Your assignment - Your answer must consist of exactly the lines below, starting with the line with "#141=CARTESIAN_POINT('',(8.5,30.,0.));" and going on through the line with "#171=DIRECTION('',(-1.,0.,0.));", and nothing else.

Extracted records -
Start of Block
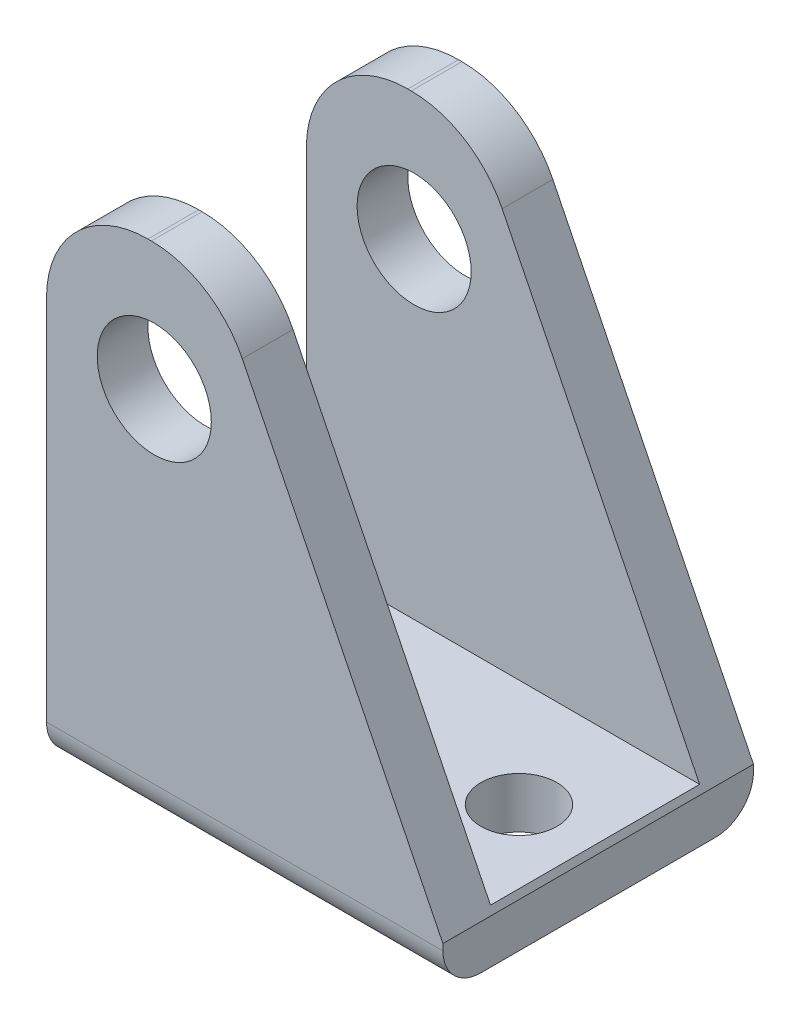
ISO-10303-21;
HEADER;
FILE_DESCRIPTION(('STEP AP214'),'2;1');
FILE_NAME('part.step','',(''),(''),'','','');
FILE_SCHEMA(('AUTOMOTIVE_DESIGN { 1 0 10303 214 1 1 1 1 }'));
ENDSEC;
DATA;
#1=APPLICATION_CONTEXT('core data for automotive mechanical design processes');
#2=APPLICATION_PROTOCOL_DEFINITION('international standard','automotive_design',2000,#1);
#3=PRODUCT_CONTEXT('',#1,'mechanical');
#4=PRODUCT('Part','Part','',(#3));
#5=PRODUCT_RELATED_PRODUCT_CATEGORY('part','',(#4));
#6=PRODUCT_DEFINITION_FORMATION('','',#4);
#7=PRODUCT_DEFINITION_CONTEXT('part definition',#1,'design');
#8=PRODUCT_DEFINITION('design','',#6,#7);
#9=PRODUCT_DEFINITION_SHAPE('','',#8);
#10=(LENGTH_UNIT() NAMED_UNIT(*) SI_UNIT(.MILLI.,.METRE.));
#11=(NAMED_UNIT(*) PLANE_ANGLE_UNIT() SI_UNIT($,.RADIAN.));
#12=(NAMED_UNIT(*) SI_UNIT($,.STERADIAN.) SOLID_ANGLE_UNIT());
#13=UNCERTAINTY_MEASURE_WITH_UNIT(LENGTH_MEASURE(1.E-05),#10,'distance_accuracy_value','');
#14=(GEOMETRIC_REPRESENTATION_CONTEXT(3) GLOBAL_UNCERTAINTY_ASSIGNED_CONTEXT((#13)) GLOBAL_UNIT_ASSIGNED_CONTEXT((#10,
#11,#12)) REPRESENTATION_CONTEXT('',''));
#15=CARTESIAN_POINT('',(0.,0.,0.));
#16=DIRECTION('',(0.,0.,1.));
#17=DIRECTION('',(1.,0.,0.));
#18=AXIS2_PLACEMENT_3D('',#15,#16,#17);
#19=CARTESIAN_POINT('',(0.,40.,24.5));
#20=DIRECTION('',(0.,-1.,0.));
#21=DIRECTION('',(0.,0.,-1.));
#22=AXIS2_PLACEMENT_3D('',#19,#20,#21);
#23=PLANE('',#22);
#24=DIRECTION('',(0.,0.,-1.));
#25=VECTOR('',#24,1.);
#26=CARTESIAN_POINT('',(8.,40.,24.5));
#27=LINE('',#26,#25);
#28=CARTESIAN_POINT('',(8.,40.,0.));
#29=VERTEX_POINT('',#28);
#30=CARTESIAN_POINT('',(8.,40.,4.));
#31=VERTEX_POINT('',#30);
#32=EDGE_CURVE('E239',#29,#31,#27,.F.);
#33=ORIENTED_EDGE('',*,*,#32,.T.);
#34=DIRECTION('',(-1.,0.,0.));
#35=VECTOR('',#34,1.);
#36=CARTESIAN_POINT('',(-1.93555555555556,40.,4.));
#37=LINE('',#36,#35);
#38=CARTESIAN_POINT('',(8.27231625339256,40.,4.));
#39=VERTEX_POINT('',#38);
#40=EDGE_CURVE('E192',#39,#31,#37,.T.);
#41=ORIENTED_EDGE('',*,*,#40,.F.);
#42=DIRECTION('',(0.,0.,-1.));
#43=VECTOR('',#42,1.);
#44=CARTESIAN_POINT('',(8.27231625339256,40.,24.5));
#45=LINE('',#44,#43);
#46=CARTESIAN_POINT('',(8.27231625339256,40.,0.));
#47=VERTEX_POINT('',#46);
#48=EDGE_CURVE('E242',#39,#47,#45,.T.);
#49=ORIENTED_EDGE('',*,*,#48,.T.);
#50=DIRECTION('',(-1.,0.,0.));
#51=VECTOR('',#50,1.);
#52=CARTESIAN_POINT('',(0.,40.,0.));
#53=LINE('',#52,#51);
#54=EDGE_CURVE('E232',#47,#29,#53,.T.);
#55=ORIENTED_EDGE('',*,*,#54,.T.);
#56=EDGE_LOOP('',(#33,#41,#49,#55));
#57=FACE_BOUND('',#56,.T.);
#58=ADVANCED_FACE('F31',(#57),#23,.F.);
#59=CARTESIAN_POINT('',(8.27231625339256,32.,24.5));
#60=DIRECTION('',(0.,0.,-1.));
#61=DIRECTION('',(-1.,0.,0.));
#62=AXIS2_PLACEMENT_3D('',#59,#60,#61);
#63=CYLINDRICAL_SURFACE('',#62,8.);
#64=CARTESIAN_POINT('',(8.27231625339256,32.,4.));
#65=DIRECTION('',(0.,0.,-1.));
#66=DIRECTION('',(-1.,0.,0.));
#67=AXIS2_PLACEMENT_3D('',#64,#65,#66);
#68=CIRCLE('',#67,8.);
#69=CARTESIAN_POINT('',(15.4451235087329,35.5427159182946,4.));
#70=VERTEX_POINT('',#69);
#71=EDGE_CURVE('E207',#70,#39,#68,.F.);
#72=ORIENTED_EDGE('',*,*,#71,.F.);
#73=DIRECTION('',(0.,0.,-1.));
#74=VECTOR('',#73,1.);
#75=CARTESIAN_POINT('',(15.4451235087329,35.5427159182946,24.5));
#76=LINE('',#75,#74);
#77=CARTESIAN_POINT('',(15.4451235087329,35.5427159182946,0.));
#78=VERTEX_POINT('',#77);
#79=EDGE_CURVE('E252',#78,#70,#76,.F.);
#80=ORIENTED_EDGE('',*,*,#79,.F.);
#81=CARTESIAN_POINT('',(8.27231625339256,32.,0.));
#82=DIRECTION('',(0.,0.,-1.));
#83=DIRECTION('',(-1.,0.,0.));
#84=AXIS2_PLACEMENT_3D('',#81,#82,#83);
#85=CIRCLE('',#84,8.);
#86=EDGE_CURVE('E248',#47,#78,#85,.T.);
#87=ORIENTED_EDGE('',*,*,#86,.F.);
#88=ORIENTED_EDGE('',*,*,#48,.F.);
#89=EDGE_LOOP('',(#72,#80,#87,#88));
#90=FACE_BOUND('',#89,.T.);
#91=ADVANCED_FACE('F341',(#90),#63,.T.);
#92=CARTESIAN_POINT('',(8.,32.,24.5));
#93=DIRECTION('',(0.,0.,-1.));
#94=DIRECTION('',(-1.,0.,0.));
#95=AXIS2_PLACEMENT_3D('',#92,#93,#94);
#96=CYLINDRICAL_SURFACE('',#95,8.);
#97=CARTESIAN_POINT('',(8.,32.,4.));
#98=DIRECTION('',(0.,0.,-1.));
#99=DIRECTION('',(-1.,0.,0.));
#100=AXIS2_PLACEMENT_3D('',#97,#98,#99);
#101=CIRCLE('',#100,8.);
#102=CARTESIAN_POINT('',(0.,32.,4.));
#103=VERTEX_POINT('',#102);
#104=EDGE_CURVE('E178',#31,#103,#101,.F.);
#105=ORIENTED_EDGE('',*,*,#104,.F.);
#106=ORIENTED_EDGE('',*,*,#32,.F.);
#107=CARTESIAN_POINT('',(8.,32.,0.));
#108=DIRECTION('',(0.,0.,-1.));
#109=DIRECTION('',(-1.,0.,0.));
#110=AXIS2_PLACEMENT_3D('',#107,#108,#109);
#111=CIRCLE('',#110,8.);
#112=CARTESIAN_POINT('',(0.,32.,0.));
#113=VERTEX_POINT('',#112);
#114=EDGE_CURVE('E246',#113,#29,#111,.T.);
#115=ORIENTED_EDGE('',*,*,#114,.F.);
#116=DIRECTION('',(0.,0.,-1.));
#117=VECTOR('',#116,1.);
#118=CARTESIAN_POINT('',(0.,32.,24.5));
#119=LINE('',#118,#117);
#120=EDGE_CURVE('E161',#103,#113,#119,.T.);
#121=ORIENTED_EDGE('',*,*,#120,.F.);
#122=EDGE_LOOP('',(#105,#106,#115,#121));
#123=FACE_BOUND('',#122,.T.);
#124=ADVANCED_FACE('F267',(#123),#96,.T.);
#125=CARTESIAN_POINT('',(8.5,30.,0.));
#126=DIRECTION('',(0.,0.,1.));
#127=DIRECTION('',(1.,0.,0.));
#128=AXIS2_PLACEMENT_3D('',#125,#126,#127);
#129=CYLINDRICAL_SURFACE('',#128,4.5);
#130=CARTESIAN_POINT('',(8.5,30.,4.));
#131=DIRECTION('',(0.,0.,-1.));
#132=DIRECTION('',(-1.,0.,0.));
#133=AXIS2_PLACEMENT_3D('',#130,#131,#132);
#134=CIRCLE('',#133,4.5);
#135=CARTESIAN_POINT('',(4.,30.,4.));
#136=VERTEX_POINT('',#135);
#137=EDGE_CURVE('E176',#136,#136,#134,.F.);
#138=ORIENTED_EDGE('',*,*,#137,.T.);
#139=EDGE_LOOP('',(#138));
#140=FACE_BOUND('',#139,.T.);
#141=CARTESIAN_POINT('',(8.5,30.,0.));
#142=DIRECTION('',(0.,0.,1.));
#143=DIRECTION('',(1.,0.,0.));
#144=AXIS2_PLACEMENT_3D('',#141,#142,#143);
#145=CIRCLE('',#144,4.5);
#146=CARTESIAN_POINT('',(13.,30.,0.));
#147=VERTEX_POINT('',#146);
#148=EDGE_CURVE('E215',#147,#147,#145,.T.);
#149=ORIENTED_EDGE('',*,*,#148,.F.);
#150=EDGE_LOOP('',(#149));
#151=FACE_BOUND('',#150,.T.);
#152=ADVANCED_FACE('F328',(#140,#151),#129,.F.);
#153=CARTESIAN_POINT('',(33.,0.,24.5));
#154=DIRECTION('',(0.,1.,0.));
#155=DIRECTION('',(-1.,0.,0.));
#156=AXIS2_PLACEMENT_3D('',#153,#154,#155);
#157=PLANE('',#156);
#158=CARTESIAN_POINT('',(25.27,0.,12.5));
#159=DIRECTION('',(0.,1.,0.));
#160=DIRECTION('',(-1.,0.,0.));
#161=AXIS2_PLACEMENT_3D('',#158,#159,#160);
#162=CIRCLE('',#161,2.99999999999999);
#163=CARTESIAN_POINT('',(22.27,0.,12.5));
#164=VERTEX_POINT('',#163);
#165=EDGE_CURVE('E303',#164,#164,#162,.T.);
#166=ORIENTED_EDGE('',*,*,#165,.T.);
#167=EDGE_LOOP('',(#166));
#168=FACE_BOUND('',#167,.T.);
#169=CARTESIAN_POINT('',(5.27,0.,12.5));
#170=DIRECTION('',(0.,1.,0.));
#171=DIRECTION('',(-1.,0.,0.));
#172=AXIS2_PLACEMENT_3D('',#169,#170,#171);
#173=CIRCLE('',#172,3.);
#174=CARTESIAN_POINT('',(2.27,0.,12.5));
#175=VERTEX_POINT('',#174);
#176=EDGE_CURVE('E297',#175,#175,#173,.T.);
#177=ORIENTED_EDGE('',*,*,#176,.T.);
#178=EDGE_LOOP('',(#177));
#179=FACE_BOUND('',#178,.T.);
#180=DIRECTION('',(1.,0.,0.));
#181=VECTOR('',#180,1.);
#182=CARTESIAN_POINT('',(33.,0.,3.));
#183=LINE('',#182,#181);
#184=CARTESIAN_POINT('',(0.,0.,3.));
#185=VERTEX_POINT('',#184);
#186=CARTESIAN_POINT('',(31.2711111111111,0.,3.));
#187=VERTEX_POINT('',#186);
#188=EDGE_CURVE('E150',#185,#187,#183,.T.);
#189=ORIENTED_EDGE('',*,*,#188,.T.);
#190=DIRECTION('',(0.,0.,1.));
#191=VECTOR('',#190,1.);
#192=CARTESIAN_POINT('',(31.2711111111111,0.,24.5));
#193=LINE('',#192,#191);
#194=CARTESIAN_POINT('',(31.2711111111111,0.,21.5));
#195=VERTEX_POINT('',#194);
#196=EDGE_CURVE('E137',#187,#195,#193,.T.);
#197=ORIENTED_EDGE('',*,*,#196,.T.);
#198=DIRECTION('',(1.,0.,0.));
#199=VECTOR('',#198,1.);
#200=CARTESIAN_POINT('',(33.,0.,21.5));
#201=LINE('',#200,#199);
#202=CARTESIAN_POINT('',(0.,0.,21.5));
#203=VERTEX_POINT('',#202);
#204=EDGE_CURVE('E147',#195,#203,#201,.F.);
#205=ORIENTED_EDGE('',*,*,#204,.T.);
#206=DIRECTION('',(0.,0.,-1.));
#207=VECTOR('',#206,1.);
#208=CARTESIAN_POINT('',(0.,0.,24.5));
#209=LINE('',#208,#207);
#210=EDGE_CURVE('E230',#203,#185,#209,.T.);
#211=ORIENTED_EDGE('',*,*,#210,.T.);
#212=EDGE_LOOP('',(#189,#197,#205,#211));
#213=FACE_BOUND('',#212,.T.);
#214=ADVANCED_FACE('F145',(#168,#179,#213),#157,.F.);
#215=CARTESIAN_POINT('',(13.2436296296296,40.,24.5));
#216=DIRECTION('',(-0.896600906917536,-0.44283948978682,0.));
#217=DIRECTION('',(0.44283948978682,-0.896600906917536,0.));
#218=AXIS2_PLACEMENT_3D('',#215,#216,#217);
#219=PLANE('',#218);
#220=DIRECTION('',(-0.44283948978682,0.896600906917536,0.));
#221=VECTOR('',#220,1.);
#222=CARTESIAN_POINT('',(13.2436296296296,40.,24.5));
#223=LINE('',#222,#221);
#224=CARTESIAN_POINT('',(31.2711111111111,3.50041805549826,24.5));
#225=VERTEX_POINT('',#224);
#226=CARTESIAN_POINT('',(15.4451235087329,35.5427159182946,24.5));
#227=VERTEX_POINT('',#226);
#228=EDGE_CURVE('E221',#225,#227,#223,.T.);
#229=ORIENTED_EDGE('',*,*,#228,.F.);
#230=DIRECTION('',(0.,0.,-1.));
#231=VECTOR('',#230,1.);
#232=CARTESIAN_POINT('',(31.2711111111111,3.50041805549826,24.5));
#233=LINE('',#232,#231);
#234=CARTESIAN_POINT('',(31.2711111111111,3.50041805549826,0.));
#235=VERTEX_POINT('',#234);
#236=EDGE_CURVE('E152',#225,#235,#233,.T.);
#237=ORIENTED_EDGE('',*,*,#236,.T.);
#238=DIRECTION('',(-0.44283948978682,0.896600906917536,0.));
#239=VECTOR('',#238,1.);
#240=CARTESIAN_POINT('',(13.2436296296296,40.,0.));
#241=LINE('',#240,#239);
#242=EDGE_CURVE('E218',#235,#78,#241,.T.);
#243=ORIENTED_EDGE('',*,*,#242,.T.);
#244=ORIENTED_EDGE('',*,*,#79,.T.);
#245=DIRECTION('',(0.44283948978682,-0.896600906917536,0.));
#246=VECTOR('',#245,1.);
#247=CARTESIAN_POINT('',(13.2436296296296,40.,4.));
#248=LINE('',#247,#246);
#249=CARTESIAN_POINT('',(31.024362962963,4.,4.));
#250=VERTEX_POINT('',#249);
#251=EDGE_CURVE('E209',#70,#250,#248,.T.);
#252=ORIENTED_EDGE('',*,*,#251,.T.);
#253=DIRECTION('',(0.,0.,-1.));
#254=VECTOR('',#253,1.);
#255=CARTESIAN_POINT('',(31.024362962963,4.,24.5));
#256=LINE('',#255,#254);
#257=CARTESIAN_POINT('',(31.024362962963,4.,20.5));
#258=VERTEX_POINT('',#257);
#259=EDGE_CURVE('E212',#258,#250,#256,.T.);
#260=ORIENTED_EDGE('',*,*,#259,.F.);
#261=DIRECTION('',(-0.44283948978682,0.896600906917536,0.));
#262=VECTOR('',#261,1.);
#263=CARTESIAN_POINT('',(13.2436296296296,40.,20.5));
#264=LINE('',#263,#262);
#265=CARTESIAN_POINT('',(15.4451235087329,35.5427159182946,20.5));
#266=VERTEX_POINT('',#265);
#267=EDGE_CURVE('E179',#258,#266,#264,.T.);
#268=ORIENTED_EDGE('',*,*,#267,.T.);
#269=EDGE_CURVE('E251',#266,#227,#76,.F.);
#270=ORIENTED_EDGE('',*,*,#269,.T.);
#271=EDGE_LOOP('',(#229,#237,#243,#244,#252,#260,#268,#270));
#272=FACE_BOUND('',#271,.T.);
#273=ADVANCED_FACE('F327',(#272),#219,.F.);
#274=CARTESIAN_POINT('',(8.27231625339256,40.,24.5));
#275=VERTEX_POINT('',#274);
#276=CARTESIAN_POINT('',(8.27231625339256,40.,20.5));
#277=VERTEX_POINT('',#276);
#278=EDGE_CURVE('E243',#275,#277,#45,.T.);
#279=ORIENTED_EDGE('',*,*,#278,.T.);
#280=DIRECTION('',(1.,0.,0.));
#281=VECTOR('',#280,1.);
#282=CARTESIAN_POINT('',(-1.93555555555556,40.,20.5));
#283=LINE('',#282,#281);
#284=CARTESIAN_POINT('',(8.,40.,20.5));
#285=VERTEX_POINT('',#284);
#286=EDGE_CURVE('E284',#285,#277,#283,.T.);
#287=ORIENTED_EDGE('',*,*,#286,.F.);
#288=CARTESIAN_POINT('',(8.,40.,24.5));
#289=VERTEX_POINT('',#288);
#290=EDGE_CURVE('E238',#285,#289,#27,.F.);
#291=ORIENTED_EDGE('',*,*,#290,.T.);
#292=DIRECTION('',(-1.,0.,0.));
#293=VECTOR('',#292,1.);
#294=CARTESIAN_POINT('',(0.,40.,24.5));
#295=LINE('',#294,#293);
#296=EDGE_CURVE('E223',#275,#289,#295,.T.);
#297=ORIENTED_EDGE('',*,*,#296,.F.);
#298=EDGE_LOOP('',(#279,#287,#291,#297));
#299=FACE_BOUND('',#298,.T.);
#300=ADVANCED_FACE('F287',(#299),#23,.F.);
#301=CARTESIAN_POINT('',(0.,0.,24.5));
#302=DIRECTION('',(1.,0.,0.));
#303=DIRECTION('',(0.,0.,-1.));
#304=AXIS2_PLACEMENT_3D('',#301,#302,#303);
#305=PLANE('',#304);
#306=DIRECTION('',(0.,0.,1.));
#307=VECTOR('',#306,1.);
#308=CARTESIAN_POINT('',(0.,4.,24.5));
#309=LINE('',#308,#307);
#310=CARTESIAN_POINT('',(0.,4.,4.));
#311=VERTEX_POINT('',#310);
#312=CARTESIAN_POINT('',(0.,4.,20.5));
#313=VERTEX_POINT('',#312);
#314=EDGE_CURVE('E39',#311,#313,#309,.T.);
#315=ORIENTED_EDGE('',*,*,#314,.F.);
#316=DIRECTION('',(0.,1.,0.));
#317=VECTOR('',#316,1.);
#318=CARTESIAN_POINT('',(0.,0.,4.));
#319=LINE('',#318,#317);
#320=EDGE_CURVE('E205',#311,#103,#319,.T.);
#321=ORIENTED_EDGE('',*,*,#320,.T.);
#322=ORIENTED_EDGE('',*,*,#120,.T.);
#323=DIRECTION('',(0.,-1.,0.));
#324=VECTOR('',#323,1.);
#325=CARTESIAN_POINT('',(0.,0.,0.));
#326=LINE('',#325,#324);
#327=CARTESIAN_POINT('',(0.,3.,0.));
#328=VERTEX_POINT('',#327);
#329=EDGE_CURVE('E224',#113,#328,#326,.T.);
#330=ORIENTED_EDGE('',*,*,#329,.T.);
#331=CARTESIAN_POINT('',(0.,3.,3.));
#332=DIRECTION('',(1.,0.,0.));
#333=DIRECTION('',(0.,0.,-1.));
#334=AXIS2_PLACEMENT_3D('',#331,#332,#333);
#335=CIRCLE('',#334,3.);
#336=EDGE_CURVE('E167',#328,#185,#335,.F.);
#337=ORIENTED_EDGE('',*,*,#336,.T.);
End of Block
Written reply -
#141=CARTESIAN_POINT('',(8.5,30.,0.));
#142=DIRECTION('',(0.,0.,1.));
#143=DIRECTION('',(1.,0.,0.));
#144=AXIS2_PLACEMENT_3D('',#141,#142,#143);
#145=CIRCLE('',#144,4.5);
#146=CARTESIAN_POINT('',(13.,30.,0.));
#147=VERTEX_POINT('',#146);
#148=EDGE_CURVE('E215',#147,#147,#145,.T.);
#149=ORIENTED_EDGE('',*,*,#148,.F.);
#150=EDGE_LOOP('',(#149));
#151=FACE_BOUND('',#150,.T.);
#152=ADVANCED_FACE('F328',(#140,#151),#129,.F.);
#153=CARTESIAN_POINT('',(33.,0.,24.5));
#154=DIRECTION('',(0.,1.,0.));
#155=DIRECTION('',(-1.,0.,0.));
#156=AXIS2_PLACEMENT_3D('',#153,#154,#155);
#157=PLANE('',#156);
#158=CARTESIAN_POINT('',(25.27,0.,12.5));
#159=DIRECTION('',(0.,1.,0.));
#160=DIRECTION('',(-1.,0.,0.));
#161=AXIS2_PLACEMENT_3D('',#158,#159,#160);
#162=CIRCLE('',#161,2.99999999999999);
#163=CARTESIAN_POINT('',(22.27,0.,12.5));
#164=VERTEX_POINT('',#163);
#165=EDGE_CURVE('E303',#164,#164,#162,.T.);
#166=ORIENTED_EDGE('',*,*,#165,.T.);
#167=EDGE_LOOP('',(#166));
#168=FACE_BOUND('',#167,.T.);
#169=CARTESIAN_POINT('',(5.27,0.,12.5));
#170=DIRECTION('',(0.,1.,0.));
#171=DIRECTION('',(-1.,0.,0.));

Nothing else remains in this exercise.